On Sunday, June 9, 2002, at 12:56  AM, John Taylor-Johnston wrote:

> Absolutely. I've done it. Cookies are cookies.
>
> What I don't like is that the cookie is not saved unitl after a submit.
>
> In Javascript, I have JS code that will assign a value and save it to a
> cookie and then recall the cookie value and document.write(myvalue),
> over and
> over if I want, without EVER submitting.
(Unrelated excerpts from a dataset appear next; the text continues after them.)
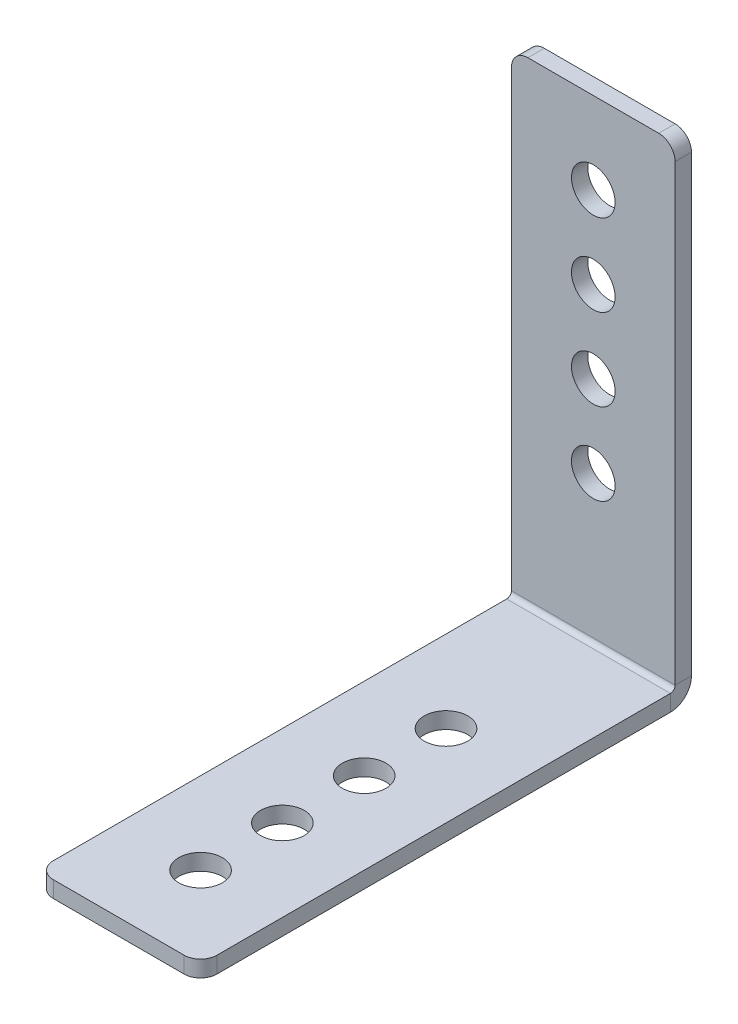
ISO-10303-21;
HEADER;
FILE_DESCRIPTION(('STEP AP214'),'2;1');
FILE_NAME('part.step','',(''),(''),'','','');
FILE_SCHEMA(('AUTOMOTIVE_DESIGN { 1 0 10303 214 1 1 1 1 }'));
ENDSEC;
DATA;
#1=APPLICATION_CONTEXT('core data for automotive mechanical design processes');
#2=APPLICATION_PROTOCOL_DEFINITION('international standard','automotive_design',2000,#1);
#3=PRODUCT_CONTEXT('',#1,'mechanical');
#4=PRODUCT('Part','Part','',(#3));
#5=PRODUCT_RELATED_PRODUCT_CATEGORY('part','',(#4));
#6=PRODUCT_DEFINITION_FORMATION('','',#4);
#7=PRODUCT_DEFINITION_CONTEXT('part definition',#1,'design');
#8=PRODUCT_DEFINITION('design','',#6,#7);
#9=PRODUCT_DEFINITION_SHAPE('','',#8);
#10=(LENGTH_UNIT() NAMED_UNIT(*) SI_UNIT(.MILLI.,.METRE.));
#11=(NAMED_UNIT(*) PLANE_ANGLE_UNIT() SI_UNIT($,.RADIAN.));
#12=(NAMED_UNIT(*) SI_UNIT($,.STERADIAN.) SOLID_ANGLE_UNIT());
#13=UNCERTAINTY_MEASURE_WITH_UNIT(LENGTH_MEASURE(1.E-05),#10,'distance_accuracy_value','');
#14=(GEOMETRIC_REPRESENTATION_CONTEXT(3) GLOBAL_UNCERTAINTY_ASSIGNED_CONTEXT((#13)) GLOBAL_UNIT_ASSIGNED_CONTEXT((#10,
#11,#12)) REPRESENTATION_CONTEXT('',''));
#15=CARTESIAN_POINT('',(0.,0.,0.));
#16=DIRECTION('',(0.,0.,1.));
#17=DIRECTION('',(1.,0.,0.));
#18=AXIS2_PLACEMENT_3D('',#15,#16,#17);
#19=CARTESIAN_POINT('',(-12.7,-2.54,-38.1));
#20=DIRECTION('',(-1.,0.,0.));
#21=DIRECTION('',(0.,0.,1.));
#22=AXIS2_PLACEMENT_3D('',#19,#20,#21);
#23=PLANE('',#22);
#24=DIRECTION('',(0.,0.,1.));
#25=VECTOR('',#24,1.);
#26=CARTESIAN_POINT('',(-12.7,-2.54,-38.1));
#27=LINE('',#26,#25);
#28=CARTESIAN_POINT('',(-12.7,-2.54,-34.8234));
#29=VERTEX_POINT('',#28);
#30=CARTESIAN_POINT('',(-12.7,-2.54,35.56));
#31=VERTEX_POINT('',#30);
#32=EDGE_CURVE('E243',#29,#31,#27,.T.);
#33=ORIENTED_EDGE('',*,*,#32,.T.);
#34=DIRECTION('',(0.,1.,0.));
#35=VECTOR('',#34,1.);
#36=CARTESIAN_POINT('',(-12.7,-2.54,35.56));
#37=LINE('',#36,#35);
#38=CARTESIAN_POINT('',(-12.7,0.,35.56));
#39=VERTEX_POINT('',#38);
#40=EDGE_CURVE('E285',#31,#39,#37,.T.);
#41=ORIENTED_EDGE('',*,*,#40,.T.);
#42=DIRECTION('',(0.,0.,1.));
#43=VECTOR('',#42,1.);
#44=CARTESIAN_POINT('',(-12.7,0.,-38.1));
#45=LINE('',#44,#43);
#46=CARTESIAN_POINT('',(-12.7,0.,-34.8234));
#47=VERTEX_POINT('',#46);
#48=EDGE_CURVE('E254',#47,#39,#45,.T.);
#49=ORIENTED_EDGE('',*,*,#48,.F.);
#50=DIRECTION('',(0.,-1.,0.));
#51=VECTOR('',#50,1.);
#52=CARTESIAN_POINT('',(-12.7,0.,-34.8234));
#53=LINE('',#52,#51);
#54=EDGE_CURVE('E221',#47,#29,#53,.T.);
#55=ORIENTED_EDGE('',*,*,#54,.T.);
#56=EDGE_LOOP('',(#33,#41,#49,#55));
#57=FACE_BOUND('',#56,.T.);
#58=ADVANCED_FACE('F60',(#57),#23,.T.);
#59=CARTESIAN_POINT('',(0.,-2.54,0.));
#60=DIRECTION('',(0.,1.,0.));
#61=DIRECTION('',(0.,0.,1.));
#62=AXIS2_PLACEMENT_3D('',#59,#60,#61);
#63=PLANE('',#62);
#64=CARTESIAN_POINT('',(1.347601624859E-13,-2.54,12.7));
#65=DIRECTION('',(0.,-1.,0.));
#66=DIRECTION('',(0.,0.,-1.));
#67=AXIS2_PLACEMENT_3D('',#64,#65,#66);
#68=CIRCLE('',#67,3.38582);
#69=CARTESIAN_POINT('',(1.347601624859E-13,-2.54,9.31417999999999));
#70=VERTEX_POINT('',#69);
#71=EDGE_CURVE('E467',#70,#70,#68,.T.);
#72=ORIENTED_EDGE('',*,*,#71,.F.);
#73=EDGE_LOOP('',(#72));
#74=FACE_BOUND('',#73,.T.);
#75=CARTESIAN_POINT('',(2.67785601495824E-13,-2.54,0.));
#76=DIRECTION('',(0.,-1.,0.));
#77=DIRECTION('',(0.,0.,-1.));
#78=AXIS2_PLACEMENT_3D('',#75,#76,#77);
#79=CIRCLE('',#78,3.38582);
#80=CARTESIAN_POINT('',(2.67785601495824E-13,-2.54,-3.38582000000001));
#81=VERTEX_POINT('',#80);
#82=EDGE_CURVE('E475',#81,#81,#79,.T.);
#83=ORIENTED_EDGE('',*,*,#82,.F.);
#84=EDGE_LOOP('',(#83));
#85=FACE_BOUND('',#84,.T.);
#86=CARTESIAN_POINT('',(4.00811040505747E-13,-2.54,-12.7));
#87=DIRECTION('',(0.,-1.,0.));
#88=DIRECTION('',(0.,0.,-1.));
#89=AXIS2_PLACEMENT_3D('',#86,#87,#88);
#90=CIRCLE('',#89,3.38582);
#91=CARTESIAN_POINT('',(4.00811040505747E-13,-2.54,-16.08582));
#92=VERTEX_POINT('',#91);
#93=EDGE_CURVE('E459',#92,#92,#90,.T.);
#94=ORIENTED_EDGE('',*,*,#93,.F.);
#95=EDGE_LOOP('',(#94));
#96=FACE_BOUND('',#95,.T.);
#97=CARTESIAN_POINT('',(0.,-2.54,25.4));
#98=DIRECTION('',(0.,-1.,0.));
#99=DIRECTION('',(0.,0.,-1.));
#100=AXIS2_PLACEMENT_3D('',#97,#98,#99);
#101=CIRCLE('',#100,3.38582);
#102=CARTESIAN_POINT('',(0.,-2.54,22.01418));
#103=VERTEX_POINT('',#102);
#104=EDGE_CURVE('E466',#103,#103,#101,.T.);
#105=ORIENTED_EDGE('',*,*,#104,.F.);
#106=EDGE_LOOP('',(#105));
#107=FACE_BOUND('',#106,.T.);
#108=DIRECTION('',(1.,0.,0.));
#109=VECTOR('',#108,1.);
#110=CARTESIAN_POINT('',(-12.7,-2.54,38.1));
#111=LINE('',#110,#109);
#112=CARTESIAN_POINT('',(-10.16,-2.54,38.1));
#113=VERTEX_POINT('',#112);
#114=CARTESIAN_POINT('',(10.16,-2.54,38.1));
#115=VERTEX_POINT('',#114);
#116=EDGE_CURVE('E248',#113,#115,#111,.T.);
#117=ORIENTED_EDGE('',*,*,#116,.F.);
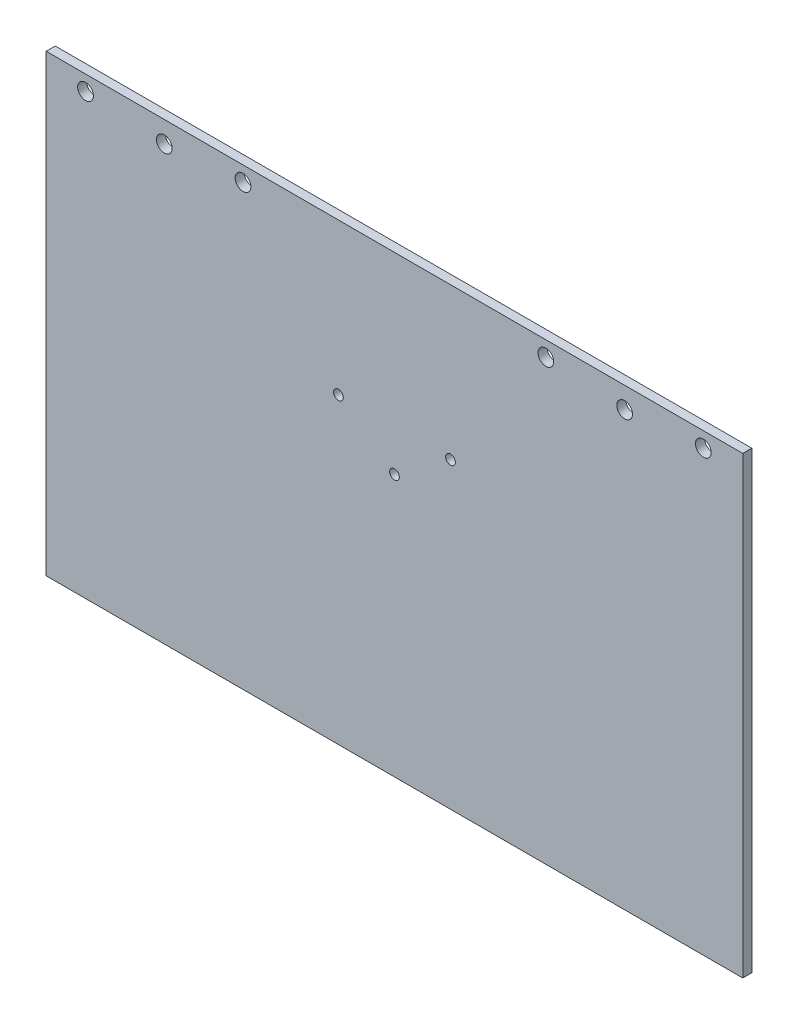
ISO-10303-21;
HEADER;
FILE_DESCRIPTION(('STEP AP214'),'2;1');
FILE_NAME('part.step','',(''),(''),'','','');
FILE_SCHEMA(('AUTOMOTIVE_DESIGN { 1 0 10303 214 1 1 1 1 }'));
ENDSEC;
DATA;
#1=APPLICATION_CONTEXT('core data for automotive mechanical design processes');
#2=APPLICATION_PROTOCOL_DEFINITION('international standard','automotive_design',2000,#1);
#3=PRODUCT_CONTEXT('',#1,'mechanical');
#4=PRODUCT('Part','Part','',(#3));
#5=PRODUCT_RELATED_PRODUCT_CATEGORY('part','',(#4));
#6=PRODUCT_DEFINITION_FORMATION('','',#4);
#7=PRODUCT_DEFINITION_CONTEXT('part definition',#1,'design');
#8=PRODUCT_DEFINITION('design','',#6,#7);
#9=PRODUCT_DEFINITION_SHAPE('','',#8);
#10=(LENGTH_UNIT() NAMED_UNIT(*) SI_UNIT(.MILLI.,.METRE.));
#11=(NAMED_UNIT(*) PLANE_ANGLE_UNIT() SI_UNIT($,.RADIAN.));
#12=(NAMED_UNIT(*) SI_UNIT($,.STERADIAN.) SOLID_ANGLE_UNIT());
#13=UNCERTAINTY_MEASURE_WITH_UNIT(LENGTH_MEASURE(1.E-05),#10,'distance_accuracy_value','');
#14=(GEOMETRIC_REPRESENTATION_CONTEXT(3) GLOBAL_UNCERTAINTY_ASSIGNED_CONTEXT((#13)) GLOBAL_UNIT_ASSIGNED_CONTEXT((#10,
#11,#12)) REPRESENTATION_CONTEXT('',''));
#15=CARTESIAN_POINT('',(0.,0.,0.));
#16=DIRECTION('',(0.,0.,1.));
#17=DIRECTION('',(1.,0.,0.));
#18=AXIS2_PLACEMENT_3D('',#15,#16,#17);
#19=CARTESIAN_POINT('',(-145.,100.,3.));
#20=DIRECTION('',(1.,0.,0.));
#21=DIRECTION('',(0.,1.,0.));
#22=AXIS2_PLACEMENT_3D('',#19,#20,#21);
#23=PLANE('',#22);
#24=DIRECTION('',(0.,-1.,0.));
#25=VECTOR('',#24,1.);
#26=CARTESIAN_POINT('',(-145.,100.,0.));
#27=LINE('',#26,#25);
#28=CARTESIAN_POINT('',(-145.,100.,0.));
#29=VERTEX_POINT('',#28);
#30=CARTESIAN_POINT('',(-145.,-50.,0.));
#31=VERTEX_POINT('',#30);
#32=EDGE_CURVE('E114',#29,#31,#27,.T.);
#33=ORIENTED_EDGE('',*,*,#32,.T.);
#34=DIRECTION('',(0.,0.,-1.));
#35=VECTOR('',#34,1.);
#36=CARTESIAN_POINT('',(-145.,-50.,3.));
#37=LINE('',#36,#35);
#38=CARTESIAN_POINT('',(-145.,-50.,3.));
#39=VERTEX_POINT('',#38);
#40=EDGE_CURVE('E13',#39,#31,#37,.T.);
#41=ORIENTED_EDGE('',*,*,#40,.F.);
#42=DIRECTION('',(0.,-1.,0.));
#43=VECTOR('',#42,1.);
#44=CARTESIAN_POINT('',(-145.,100.,3.));
#45=LINE('',#44,#43);
#46=CARTESIAN_POINT('',(-145.,100.,3.));
#47=VERTEX_POINT('',#46);
#48=EDGE_CURVE('E101',#47,#39,#45,.T.);
#49=ORIENTED_EDGE('',*,*,#48,.F.);
#50=DIRECTION('',(0.,0.,-1.));
#51=VECTOR('',#50,1.);
#52=CARTESIAN_POINT('',(-145.,100.,3.));
#53=LINE('',#52,#51);
#54=EDGE_CURVE('E110',#47,#29,#53,.T.);
#55=ORIENTED_EDGE('',*,*,#54,.T.);
#56=EDGE_LOOP('',(#33,#41,#49,#55));
#57=FACE_BOUND('',#56,.T.);
#58=ADVANCED_FACE('F48',(#57),#23,.F.);
#59=CARTESIAN_POINT('',(85.,-50.,3.));
#60=DIRECTION('',(0.,1.,0.));
#61=DIRECTION('',(-1.,0.,0.));
#62=AXIS2_PLACEMENT_3D('',#59,#60,#61);
#63=PLANE('',#62);
#64=DIRECTION('',(1.,0.,0.));
#65=VECTOR('',#64,1.);
#66=CARTESIAN_POINT('',(85.,-50.,0.));
#67=LINE('',#66,#65);
#68=CARTESIAN_POINT('',(85.,-50.,0.));
#69=VERTEX_POINT('',#68);
#70=EDGE_CURVE('E105',#31,#69,#67,.T.);
#71=ORIENTED_EDGE('',*,*,#70,.T.);
#72=DIRECTION('',(0.,0.,-1.));
#73=VECTOR('',#72,1.);
#74=CARTESIAN_POINT('',(85.,-50.,3.));
#75=LINE('',#74,#73);
#76=CARTESIAN_POINT('',(85.,-50.,3.));
#77=VERTEX_POINT('',#76);
#78=EDGE_CURVE('E57',#77,#69,#75,.T.);
#79=ORIENTED_EDGE('',*,*,#78,.F.);
#80=DIRECTION('',(1.,0.,0.));
#81=VECTOR('',#80,1.);
#82=CARTESIAN_POINT('',(85.,-50.,3.));
#83=LINE('',#82,#81);
#84=EDGE_CURVE('E96',#39,#77,#83,.T.);
#85=ORIENTED_EDGE('',*,*,#84,.F.);
#86=ORIENTED_EDGE('',*,*,#40,.T.);
#87=EDGE_LOOP('',(#71,#79,#85,#86));
#88=FACE_BOUND('',#87,.T.);
#89=ADVANCED_FACE('F104',(#88),#63,.F.);
#90=CARTESIAN_POINT('',(85.,100.,3.));
#91=DIRECTION('',(-1.,0.,0.));
#92=DIRECTION('',(0.,-1.,0.));
#93=AXIS2_PLACEMENT_3D('',#90,#91,#92);
#94=PLANE('',#93);
#95=DIRECTION('',(0.,1.,0.));
#96=VECTOR('',#95,1.);
#97=CARTESIAN_POINT('',(85.,100.,0.));
#98=LINE('',#97,#96);
#99=CARTESIAN_POINT('',(85.,100.,0.));
#100=VERTEX_POINT('',#99);
#101=EDGE_CURVE('E83',#69,#100,#98,.T.);
#102=ORIENTED_EDGE('',*,*,#101,.T.);
#103=DIRECTION('',(0.,0.,-1.));
#104=VECTOR('',#103,1.);
#105=CARTESIAN_POINT('',(85.,100.,3.));
#106=LINE('',#105,#104);
#107=CARTESIAN_POINT('',(85.,100.,3.));
#108=VERTEX_POINT('',#107);
#109=EDGE_CURVE('E106',#108,#100,#106,.T.);
#110=ORIENTED_EDGE('',*,*,#109,.F.);
#111=DIRECTION('',(0.,1.,0.));
#112=VECTOR('',#111,1.);
#113=CARTESIAN_POINT('',(85.,100.,3.));
#114=LINE('',#113,#112);
#115=EDGE_CURVE('E99',#77,#108,#114,.T.);
#116=ORIENTED_EDGE('',*,*,#115,.F.);
#117=ORIENTED_EDGE('',*,*,#78,.T.);
#118=EDGE_LOOP('',(#102,#110,#116,#117));
#119=FACE_BOUND('',#118,.T.);
#120=ADVANCED_FACE('F108',(#119),#94,.F.);
#121=CARTESIAN_POINT('',(-145.,100.,3.));
#122=DIRECTION('',(0.,-1.,0.));
#123=DIRECTION('',(0.,0.,-1.));
#124=AXIS2_PLACEMENT_3D('',#121,#122,#123);
#125=PLANE('',#124);
#126=DIRECTION('',(-1.,0.,0.));
#127=VECTOR('',#126,1.);
#128=CARTESIAN_POINT('',(-145.,100.,0.));
#129=LINE('',#128,#127);
#130=EDGE_CURVE('E89',#100,#29,#129,.T.);
#131=ORIENTED_EDGE('',*,*,#130,.T.);
#132=ORIENTED_EDGE('',*,*,#54,.F.);
#133=DIRECTION('',(-1.,0.,0.));
#134=VECTOR('',#133,1.);
#135=CARTESIAN_POINT('',(-145.,100.,3.));
#136=LINE('',#135,#134);
#137=EDGE_CURVE('E66',#108,#47,#136,.T.);
#138=ORIENTED_EDGE('',*,*,#137,.F.);
#139=ORIENTED_EDGE('',*,*,#109,.T.);
#140=EDGE_LOOP('',(#131,#132,#138,#139));
#141=FACE_BOUND('',#140,.T.);
#142=ADVANCED_FACE('F213',(#141),#125,.F.);
#143=CARTESIAN_POINT('',(0.,0.,3.));
#144=DIRECTION('',(0.,0.,-1.));
#145=DIRECTION('',(-1.,0.,0.));
#146=AXIS2_PLACEMENT_3D('',#143,#144,#145);
#147=PLANE('',#146);
#148=CARTESIAN_POINT('',(-29.9999999999284,36.4999999999856,3.));
#149=DIRECTION('',(0.,0.,1.));
#150=DIRECTION('',(1.,0.,0.));
#151=AXIS2_PLACEMENT_3D('',#148,#149,#150);
#152=CIRCLE('',#151,1.6);
#153=CARTESIAN_POINT('',(-28.3999999999285,36.4999999999856,3.));
#154=VERTEX_POINT('',#153);
#155=EDGE_CURVE('E126',#154,#154,#152,.T.);
#156=ORIENTED_EDGE('',*,*,#155,.F.);
#157=EDGE_LOOP('',(#156));
#158=FACE_BOUND('',#157,.T.);
#159=CARTESIAN_POINT('',(-11.4999999999286,49.9999999999857,3.));
#160=DIRECTION('',(0.,0.,1.));
#161=DIRECTION('',(1.,0.,0.));
#162=AXIS2_PLACEMENT_3D('',#159,#160,#161);
#163=CIRCLE('',#162,1.6);
#164=CARTESIAN_POINT('',(-9.89999999992857,49.9999999999857,3.));
#165=VERTEX_POINT('',#164);
#166=EDGE_CURVE('E328',#165,#165,#163,.T.);
#167=ORIENTED_EDGE('',*,*,#166,.F.);
#168=EDGE_LOOP('',(#167));
#169=FACE_BOUND('',#168,.T.);
#170=CARTESIAN_POINT('',(-48.4999999999285,49.9999999999854,3.));
#171=DIRECTION('',(0.,0.,1.));
#172=DIRECTION('',(1.,0.,0.));
#173=AXIS2_PLACEMENT_3D('',#170,#171,#172);
#174=CIRCLE('',#173,1.6);
#175=CARTESIAN_POINT('',(-46.8999999999285,49.9999999999854,3.));
#176=VERTEX_POINT('',#175);
#177=EDGE_CURVE('E144',#176,#176,#174,.T.);
#178=ORIENTED_EDGE('',*,*,#177,.F.);
#179=EDGE_LOOP('',(#178));
#180=FACE_BOUND('',#179,.T.);
#181=CARTESIAN_POINT('',(72.,95.,3.));
#182=DIRECTION('',(0.,0.,-1.));
#183=DIRECTION('',(-1.,0.,0.));
#184=AXIS2_PLACEMENT_3D('',#181,#182,#183);
#185=CIRCLE('',#184,2.59999999999999);
#186=CARTESIAN_POINT('',(69.4,95.,3.));
#187=VERTEX_POINT('',#186);
#188=EDGE_CURVE('E117',#187,#187,#185,.T.);
#189=ORIENTED_EDGE('',*,*,#188,.T.);
#190=EDGE_LOOP('',(#189));
#191=FACE_BOUND('',#190,.T.);
#192=CARTESIAN_POINT('',(46.,93.,3.));
#193=DIRECTION('',(0.,0.,-1.));
#194=DIRECTION('',(-1.,0.,0.));
#195=AXIS2_PLACEMENT_3D('',#192,#193,#194);
#196=CIRCLE('',#195,2.6);
#197=CARTESIAN_POINT('',(43.4,93.,3.));
#198=VERTEX_POINT('',#197);
#199=EDGE_CURVE('E169',#198,#198,#196,.T.);
#200=ORIENTED_EDGE('',*,*,#199,.T.);
#201=EDGE_LOOP('',(#200));
#202=FACE_BOUND('',#201,.T.);
#203=CARTESIAN_POINT('',(-132.,95.,3.));
#204=DIRECTION('',(0.,0.,-1.));
#205=DIRECTION('',(-1.,0.,0.));
#206=AXIS2_PLACEMENT_3D('',#203,#204,#205);
#207=CIRCLE('',#206,2.59999999999999);
#208=CARTESIAN_POINT('',(-134.6,95.,3.));
#209=VERTEX_POINT('',#208);
#210=EDGE_CURVE('E166',#209,#209,#207,.T.);
#211=ORIENTED_EDGE('',*,*,#210,.T.);
#212=EDGE_LOOP('',(#211));
#213=FACE_BOUND('',#212,.T.);
#214=CARTESIAN_POINT('',(-106.,93.,3.));
#215=DIRECTION('',(0.,0.,-1.));
#216=DIRECTION('',(-1.,0.,0.));
#217=AXIS2_PLACEMENT_3D('',#214,#215,#216);
#218=CIRCLE('',#217,2.6);
#219=CARTESIAN_POINT('',(-108.6,93.,3.));
#220=VERTEX_POINT('',#219);
#221=EDGE_CURVE('E163',#220,#220,#218,.T.);
#222=ORIENTED_EDGE('',*,*,#221,.T.);
#223=EDGE_LOOP('',(#222));
#224=FACE_BOUND('',#223,.T.);
#225=CARTESIAN_POINT('',(-80.,95.,3.));
#226=DIRECTION('',(0.,0.,-1.));
#227=DIRECTION('',(-1.,0.,0.));
#228=AXIS2_PLACEMENT_3D('',#225,#226,#227);
#229=CIRCLE('',#228,2.59999999999999);
#230=CARTESIAN_POINT('',(-82.6,95.,3.));
#231=VERTEX_POINT('',#230);
#232=EDGE_CURVE('E160',#231,#231,#229,.T.);
#233=ORIENTED_EDGE('',*,*,#232,.T.);
#234=EDGE_LOOP('',(#233));
#235=FACE_BOUND('',#234,.T.);
#236=CARTESIAN_POINT('',(20.,95.,3.));
#237=DIRECTION('',(0.,0.,-1.));
#238=DIRECTION('',(-1.,0.,0.));
#239=AXIS2_PLACEMENT_3D('',#236,#237,#238);
#240=CIRCLE('',#239,2.6);
#241=CARTESIAN_POINT('',(17.4,95.,3.));
#242=VERTEX_POINT('',#241);
#243=EDGE_CURVE('E157',#242,#242,#240,.T.);
#244=ORIENTED_EDGE('',*,*,#243,.T.);
#245=EDGE_LOOP('',(#244));
#246=FACE_BOUND('',#245,.T.);
#247=ORIENTED_EDGE('',*,*,#48,.T.);
#248=ORIENTED_EDGE('',*,*,#84,.T.);
#249=ORIENTED_EDGE('',*,*,#115,.T.);
#250=ORIENTED_EDGE('',*,*,#137,.T.);
#251=EDGE_LOOP('',(#247,#248,#249,#250));
#252=FACE_BOUND('',#251,.T.);
#253=ADVANCED_FACE('F97',(#158,#169,#180,#191,#202,#213,#224,#235,#246,#252),#147,.F.);
#254=CARTESIAN_POINT('',(0.,0.,0.));
#255=DIRECTION('',(0.,0.,-1.));
#256=DIRECTION('',(-1.,0.,0.));
#257=AXIS2_PLACEMENT_3D('',#254,#255,#256);
#258=PLANE('',#257);
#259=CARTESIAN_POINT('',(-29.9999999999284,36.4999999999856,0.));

It works as the page loads.
>
> Need JS code?

Yes, because it's a client side operation.  Remember, it's the submit 
that is telling the web server to send a cookie.  JavaScript code, being 
client side, can set the cookie without a page submit, just like a 
mathematical calculation can be done without a page submit in JavaScript 
but not with PHP.

To further this clarification, the reason why you can't read the cookie 
that you're setting in the same page is because that cookie was never 
sent to the web server for PHP to recognize.  In other words, you may 
think that because you set a cookie at some point during a given script 
(that is sent to the user agent), that cookie is now available later in 
the same script.  It's not.  The cookie needs to be sent to the web 
server with a page request in order for the web server/PHP to know it's 
there.  This hasn't happened yet.

To beat a dead horse, this is exactly what happens in this order, and 
the steps are separate:

1. User makes a GET/page request of the web server

2. The resource requested on the web server is a PHP script, and one of 
its effects is to say "when this resource is sent to the browser, give 
this cookie along with it"

3. Only AFTER the script executes and is transmitted (thus only AFTER 
the script is actually done doing its work) does the cookie appear on 
the client side.  So the script is unable to "read" the cookie it is 
setting.

4. If the user makes another request to that domain, THEN the cookie is 
available, because the cookie is sent along with that request.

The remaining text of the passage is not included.